Era celebre la copertina di un disco rock degli anni ’90, dove un bambino di pochi mesi nuotava beato sott’acqua seguendo una banconota appesa a una canna da pesca. Allora mi era sembrata una cosa stupefacente, e in qualche modo misteriosa. Com’era possibile? E perché far correre questo rischio a un neonato?

In realtà non solo si tratta di un fatto estremamente naturale per i piccoli che, ancora memori dell’esperienza intrauterina e non frenati dalle paure che cominceranno a sorgere intorno agli 8-10 mesi, riescono per istinto ad andare in apnea, ma anche importante per il loro futuro sviluppo psico-fisico.

Da un lato infatti la possibilità di nuotare in piena autonomia li arricchisce di un bagaglio emotivo e percettivo stimolante per la crescita e la scoperta di sé, mentre il supporto e la vicinanza del genitore li aiuta a sentirsi più sicuri e a sviluppare fiducia nelle proprie capacità: in un ambiente sereno capiranno che non hanno nulla da temere.

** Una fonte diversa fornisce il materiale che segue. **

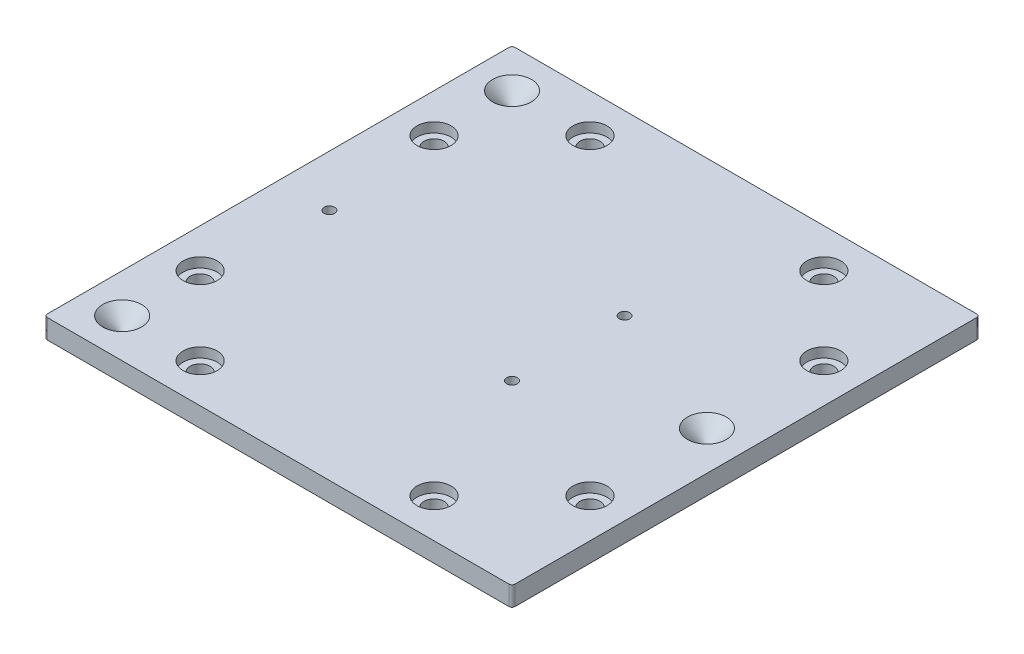
SolidWorks part; units mm, degrees
ref_plane "Front Plane" through (0, 0, 0) normal (0, 0, 1) x (1, 0, 0)
ref_plane "Top Plane" through (0, 0, 0) normal (0, 1, 0) x (1, 0, 0)
ref_plane "Right Plane" through (0, 0, 0) normal (1, 0, 0) x (0, 0, -1)
sketch "Sketch1" plane through (0, 0, 0) normal (0, 1, 0) x (1, 0, 0)
  line L0 (152.4, -76.2) -> (0, -76.2) construction
  line L1 (0, 0) -> (152.4, 0)
  line L2 (0, 0) -> (0, -152.4)
  line L3 (0, -152.4) -> (152.4, -152.4)
  line L4 (152.4, 0) -> (152.4, -152.4)
  line L5 (-6.35, 6.35) -> (158.75, 6.35) construction
  line L6 (-6.35, 6.35) -> (-6.35, -158.75) construction
  line L7 (-6.35, -158.75) -> (158.75, -158.75) construction
  line L8 (158.75, 6.35) -> (158.75, -158.75) construction
  circle A4 centre (12.7, -12.7) radius 3.2639
  circle A5 centre (139.7, -12.7) radius 3.2639
  circle A6 centre (139.7, -139.7) radius 3.2639
  circle A7 centre (12.7, -139.7) radius 3.2639
  circle A8 centre (38.1, -12.7) radius 3.2639
  circle A9 centre (114.3, -12.7) radius 3.2639
  circle A10 centre (139.7, -38.1) radius 3.2639
  circle A11 centre (139.7, -114.3) radius 3.2639
  circle A12 centre (114.3, -139.7) radius 3.2639
  circle A13 centre (38.1, -139.7) radius 3.2639
  circle A14 centre (12.7, -114.3) radius 3.2639
  circle A15 centre (12.7, -38.1) radius 3.2639
  point P5 (12.7, -12.7)
  point P6 (139.7, -12.7)
  point P7 (139.7, -139.7)
  point P8 (12.7, -139.7)
  point P40 (38.1, -12.7)
  point P41 (12.7, -38.1)
  point P42 (139.7, -38.1)
  point P43 (114.3, -12.7)
  point P44 (139.7, -114.3)
  point P45 (114.3, -139.7)
  point P46 (38.1, -139.7)
  point P47 (12.7, -114.3)
  dimension "D7" = 6.5278
  dimension "D1" = 127
  dimension "D2" = 127
  dimension "D3" = 12.7
  dimension "D4" = 12.7
  dimension "D5" = 12.7
  dimension "D6" = 12.7
  dimension "D8" = 165.1
  dimension "D10" = 6.35
  dimension "D11" = 152.4
  dimension "D12" = 6.35
  dimension "D13" = 38.1
  dimension "D15" = 38.1
  dimension "D14" = 38.1
  dimension "D16" = 38.1
extrude "Boss-Extrude1" add sketch "Sketch1" along normal blind 6.35 contours L4 L1 L2 L3 A15 A14 A13 A12 A11 A10 A9 A8 A7 A6 A5 A4 | A4 | A5 | A6 | A7 | A8 | A15 | A10 | A9 | A11 | A12 | A14 | A13 region at (76.2, 0, 76.2) region at (12.7, 0, 12.7) region at (139.7, 0, 12.7) region at (139.7, 0, 139.7) region at (12.7, 0, 139.7) region at (38.1, 0, 12.7) region at (114.3, 0, 12.7) region at (139.7, 0, 38.1) region at (139.7, 0, 114.3) region at (114.3, 0, 139.7) region at (38.1, 0, 139.7) region at (12.7, 0, 114.3) region at (12.7, 0, 38.1)
ref_plane "Top of Object Plane" through (0, 6.35, 0) normal (0, 1, 0) x (1, 0, 0)
ref_plane "Lower Object Plane" through (0, 0.508, 0) normal (0, 1, 0) x (1, 0, 0)
sketch "Sketch3" plane through (0, 6.35, 0) normal (0, 1, 0) x (1, 0, 0)
  line L0 (12.7, -6.358) -> (12.7, -19.042) construction
  line L1 (6.358, -12.7) -> (19.042, -12.7) construction
  line L2 (-6.35, 6.35) -> (-6.35, -158.75) construction
  line L3 (-6.35, 6.35) -> (158.75, 6.35) construction
  circle A0 centre (12.7, -12.7) radius 6.342
  dimension "D1" = 12.684
  dimension "D2" = 19.05
  dimension "D3" = 19.05
sketch "Sketch4" plane through (0, 0.508, 0) normal (0, 1, 0) x (1, 0, 0)
  line L0 (12.7, -12.2) -> (12.7, -13.2) construction
  line L1 (12.2, -12.7) -> (13.2, -12.7) construction
  circle A0 centre (12.7, -12.7) radius 0.5
  dimension "D1" = 1
loft "Cut-Loft1" cut profiles "Sketch3", "Sketch4" connector at (12.7, 6.35, 6.358) connector at (12.7, 0.508, 12.2)
sketch "Sketch5" plane through (0, 6.35, -6.35) normal (0, -1, 0) x (1, 0, 0)
  line L0 (12.7, 152.392) -> (12.7, 139.708) construction
  line L1 (6.358, 146.05) -> (19.042, 146.05) construction
  line L6 (-6.35, 165.1) -> (158.75, 165.1) construction
  line L7 (-6.35, 0) -> (-6.35, 165.1) construction
  circle A0 centre (12.7, 146.05) radius 6.342
  dimension "D2" = 19.05
  dimension "D3" = 19.05
  dimension "D1" = 12.684
sketch "Sketch6" plane through (0, 0.508, -1.35) normal (0, -1, 0) x (1, 0, 0)
  line L0 (12.7, 141.55) -> (12.7, 140.55) construction
  line L1 (12.2, 141.05) -> (13.2, 141.05) construction
  circle A0 centre (12.7, 141.05) radius 0.5
  dimension "D1" = 1
sketch "Sketch7" plane through (0, 6.35, 0) normal (0, 1, 0) x (1, 0, 0)
  line L0 (139.7, -69.858) -> (139.7, -82.542) construction
  line L1 (133.358, -76.2) -> (146.042, -76.2) construction
  line L3 (152.4, -76.2) -> (0, -76.2) construction
  line L4 (158.75, 6.35) -> (158.75, -158.75) construction
  circle A0 centre (139.7, -76.2) radius 6.342
  dimension "D2" = 19.05
  dimension "D1" = 12.684
sketch "Sketch8" plane through (0, 0.508, -1.35) normal (0, -1, 0) x (1, 0, 0)
  line L0 (139.7, 78.05) -> (139.7, 77.05) construction
  line L1 (139.2, 77.55) -> (140.2, 77.55) construction
  circle A0 centre (139.7, 77.55) radius 0.5
  dimension "D1" = 1
loft "Cut-Loft2" cut profiles "Sketch5", "Sketch6" connector at (7.1991, 6.35, 142.856) connector at (12.3462, 0.508, 140.0533)
loft "Cut-Loft4" cut profiles "Sketch7", "Sketch8" connector at (139.7, 6.35, 82.542) connector at (139.7, 0.508, 76.7)
hole_wizard "#8-32 Tapped Hole1" positions "3DSketch4" profile "Sketch9" tap size "#8-32" standard "ANSI Inch" end condition through all
sketch3d "3DSketch4"
  line L7 (-6.35, 0, -6.35) -> (-6.35, 0, 158.75) construction
  line L8 (158.75, 0, -6.35) -> (158.75, 0, 158.75) construction
  line L9 (-6.35, 0, -6.35) -> (158.75, 0, -6.35) construction
  line L10 (-6.35, 0, 158.75) -> (158.75, 0, 158.75) construction
  line L11 (152.4, 0, 76.2) -> (0, 0, 76.2) construction
  point P0 (16.7, 0, 76.2)
  point P4 (94.5382, 0, 57.8618)
  point P6 (94.5382, 0, 94.5382)
  dimension "D3" = 64.2118
  dimension "D1" = 23.05
  dimension "D2" = 64.2118
  dimension "D4" = 64.2118
  dimension "D5" = 64.2118
sketch "Sketch9" plane through (16.7, 0, 76.2) normal (1, 0, 0) x (0, 0, -1)
  line L0 (0, 0) -> (0, 6.3501)
  line L1 (0, 6.3501) -> (1.7272, 6.3501)
  line L2 (1.7272, 6.3501) -> (1.7272, 0)
  line L5 (1.7272, 0) -> (0, 0)
  line L11 (0, -6.35) -> (0, 107.95) construction
  dimension "Thru Tap Drill Dia." = 3.4544
  dimension "Thru Tap Drill Depth" = 6.3501
cosmetic thread "Hole Thread3" parameters "D2"=4.1656
cosmetic thread "Hole Thread4" parameters "D2"=4.1656
cosmetic thread "Hole Thread5" parameters "D2"=4.1656
hole_wizard "CBORE for 1/4 Socket Head Cap Screw1" positions "3DSketch5" profile "Sketch10" counterbore size "1/4" standard "ANSI Inch" end condition through all
sketch3d "3DSketch5"
  point P0 (38.1, 6.35, 12.7)
  point P2 (12.7, 6.35, 38.1)
  point P4 (114.3, 6.35, 12.7)
  point P6 (139.7, 6.35, 38.1)
  point P8 (139.7, 6.35, 114.3)
  point P10 (114.3, 6.35, 139.7)
  point P12 (38.1, 6.35, 139.7)
  point P14 (12.7, 6.35, 114.3)
sketch "Sketch10" plane through (38.1, 6.35, 12.7) normal (1, 0, 0) x (0, 0, 1)
  line L0 (0, 0) -> (0, 6.35)
  line L1 (0, 6.35) -> (3.2639, 6.35)
  line L3 (3.2639, 6.35) -> (3.2639, 3.175)
  line L4 (3.2639, 3.175) -> (5.5562, 3.175)
  line L5 (5.5562, 3.175) -> (5.5562, 0)
  line L7 (5.5562, 0) -> (0, 0)
  line L11 (0, -6.35) -> (0, 107.95) construction
  dimension "Thru Hole Dia." = 6.5278
  dimension "Thru Hole Depth" = 6.35
  dimension "C'Bore Dia." = 11.1125
  dimension "C'Bore Depth" = 3.175
fillet "Fillet1" radius 1 4 edges at (152.4, 3.175, 152.4) (152.4, 3.175, 0) (0, 3.175, 0) (0, 3.175, 152.4)
equation "\"D2@Sketch1\"=\"D1@Sketch1\""
equation "\"D4@Sketch1\"=\"D3@Sketch1\""
equation "\"D5@Sketch1\"=\"D3@Sketch1\""
equation "\"D6@Sketch1\"=\"D5@Sketch1\""
equation "\"D9@Sketch1\"=\"D8@Sketch1\""
equation "\"D12@Sketch1\"=\"D10@Sketch1\""
equation "\"D3@Sketch3\"=\"D2@Sketch3\""
equation "\"Ball_rest_location\"= 12.7 + 6.35"
equation "\"D2@Sketch3\"=\"Ball_rest_location\""
equation "\"D2@Sketch5\"=\"Ball_rest_location\""
equation "\"D3@Sketch5\"=\"D2@Sketch5\""
equation "\"D15@Sketch1\"=\"D13@Sketch1\""
equation "\"D14@Sketch1\"=\"D13@Sketch1\""
equation "\"D16@Sketch1\"=\"D13@Sketch1\""
equation "\"D2@Sketch7\"=\"Ball_rest_location\""
equation "\"D3@3DSketch4\"=\"D2@3DSketch4\""
equation "\"D4@3DSketch4\"=\"D3@3DSketch4\""
equation "\"D5@3DSketch4\"=\"D4@3DSketch4\""
equation "\"Outer_circle_Dia\"= 12.6840mm"
equation "\"D1@Sketch3\"=\"Outer_circle_Dia\""
equation "\"D1@Sketch5\"=\"Outer_circle_Dia\""
equation "\"D1@Sketch7\"=\"Outer_circle_Dia\""

Dall’altro è un’attività che favorisce la formazione dell’apparato scheletrico e che rinforza quelli cardiocircolatorio e respiratorio, oltre a far sperimentare al bambino situazioni che lo avvantaggeranno nella vita di tutti i giorni, attraverso l’uso per esempio di tappeti galleggianti atti a consentirgli col tempo di imparare a gestire l’equilibrio e la motricità.

Ma il nuoto neonatale può essere utile anche alla madre che, in preda alle ansie tipiche dei primi mesi di maternità, può rilassarsi più facilmente e instaurare col proprio piccolo un legame fatto di reciproca conoscenza, vicinanza fisica e quindi di una più profonda intimità.